Actually there is no need to guess the solution at all, even to prove the general linear ODE solution.
$
\def\cc{\mathbb{C}}
$
All we have to do is to abstract out the operators from the differential equation, and everything falls into place. Namely let $D$ be the differential operator:
$D(f) = f'$ for every differentiable function $f : \cc \to \cc$.
Then the equation is simply:
$(aD^2+bD+c)(y) = 0$.
where addition and scalar multiplication of operators are pointwise, and "$0$" is the zero function. If it is not clear what is going on here, just keep this apparently fanciful reasoning in mind first and compare it with the concrete translation in the last section.

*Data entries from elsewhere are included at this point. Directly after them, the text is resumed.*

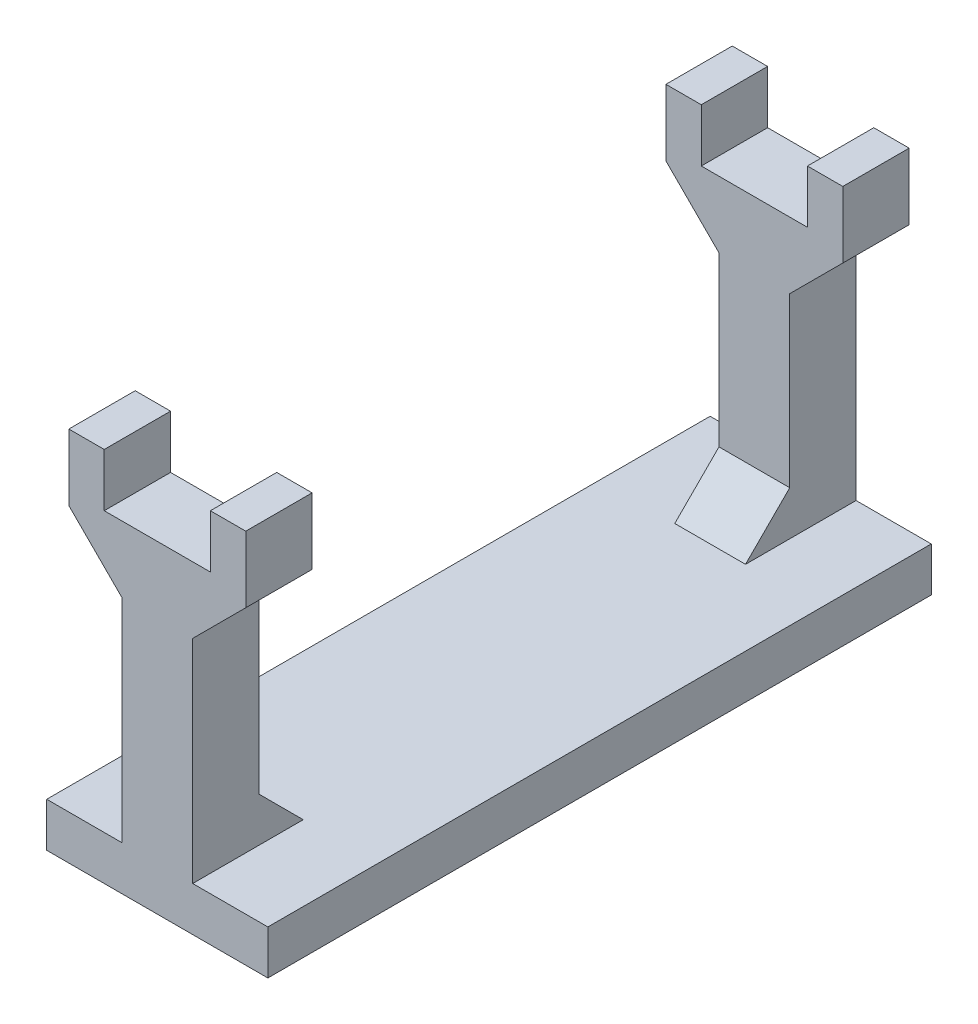
from build123d import *

# Parameters (mm, degrees)
EXTRUDE_2_DEPTH     = 150
CUT_EXTRUDE_2_DEPTH = 180.51323071


with BuildPart() as part:
    # 草图3 → 凸台-拉伸2 (new body)
    with BuildSketch(Plane.XY):
        Polygon((0, 0), (0, 10), (17, 10), (17, 58), (5, 70), (5, 85), (13, 85), (13, 73), (37, 73), (37, 85), (45, 85), (45, 70), (33, 58), (33, 10), (50, 10), (50, 0), align=None)
    extrude(amount=EXTRUDE_2_DEPTH)

    # 草图4 → 切除-拉伸2 (cut, through all)
    with BuildSketch(Plane(origin=(50, 0, 0), x_dir=(0, 0, -1), z_dir=(1, 0, 0))):
        Polygon((-135, 85), (-135, 20), (-125, 10), (-25, 10), (-15, 20), (-15, 85), align=None)
    extrude(amount=-CUT_EXTRUDE_2_DEPTH, mode=Mode.SUBTRACT)


solid = part.part

This naturally yells at us to factorize the quadratic operator, which we can do so using the roots $p,q$ of the associated quadratic equation:
$(D-p)(D-q)(y) = 0$.
This ability to factorize crucially depends on the fact that $D$ is a linear operator. Now observe that we already know the solution to the following equation (which is essentially the base case):
$(D-p)(z) = 0$.
Namely:
$z = ( \cc\ x \mapsto A\exp(px) )$ for some constant $A \in \cc$.
[Namely $z$ is a function with domain $\cc$ such that $z(x) = A\exp(px)$ for every $x \in \cc$.]
Thus we get:
$(D-q)(y) = ( \cc\ x \mapsto A\exp(px) )$ for some constant $A \in \cc$. [1]
All that remains is to make the right-hand expression zero and we can use induction to finish. This is exactly where it matters whether $q = p$ or not.
If $q \ne p$ then:
$(D-q)(\exp(px)) = ( \cc\ x \mapsto (p-q)\cdot\exp(px) )$. [2a]
If $q = p$ then:
$(D-q)(x\cdot\exp(px)) = ( \cc\ x \mapsto \exp(px) )$. [2b]
Therefore we can subtract from [1] a suitable multiple of either [2a] or [2b] as appropriate, to make the right-hand expression zero, and hence can continue as desired. This technique easily generalizes to the general linear ODE solution, and shows that the degree of the polynomial multiplied to each factor $\exp(rx)$ depends exactly on the multiplicity of the root $r$ of the characteristic polynomial. I shall leave the details to the aspiring reader!
Curiously, for the quadratic case there is a sneaky quick trick if $p \ne q$:
$(D-q)(y) = ( \cc\ x \mapsto A\exp(px) )$ for some constant $A \in \cc$.
$(D-p)(y) = ( \cc\ x \mapsto B\exp(qx) )$ for some constant $B \in \cc$.
Subtracting immediately gives:
$(p-q)(y) = ( \cc\ x \mapsto A\exp(px) + B\exp(qx) )$.
And we are done!!
Here is a bit more explanation of the notation used to combine operators. Just as we can perform pointwise operations on functions, we can do the same for operators. So given any differentiable function $f : \cc \to \cc$, we have the function $aD^2(f) : \cc \to \cc$ where $(aD^2(f))(x) = af''(x)$ for every $x \in \cc$, and we have the function $(bD+c)(f) : \cc \to \cc$ where $((bD+c)(f))(x) = bf'(x)+cf(x)$ for every $x \in \cc$.
If you wish to see how it works concretely, just translate everything to the usual form. For example, here is what the sneaky trick for $p \ne q$ looks like in full:
Let $p,q$ be the roots in $\cc$ of the quadratic $( X \mapsto aX^2+bX+c )$.
Let $z(x) = y'(x)-q\ y(x)$ for every $x \in \cc$.
Then $z'(x) = y''(x)-q\ y'(x)$ for every $x \in \cc$.
Thus $z'(x)-p\ z(x) = y''(x)-(p+q)\ y'(x)+pq\ y(x) = 0$ for every $x \in \cc$.
Thus $y'(x)-q\ y(x) = z(x) = A\exp(px)$ for every $x \in \cc$, for some constant $A \in \cc$.
Similarly $y'(x)-p\ y(x) = B\exp(qx)$ for every $x \in \cc$, for some constant $A \in \cc$.
Thus $(p-q)\ y(x) = A\exp(px) + B\exp(qx)$ for every $x \in \cc$.
Tada! Done without operators, but the elegance is gone.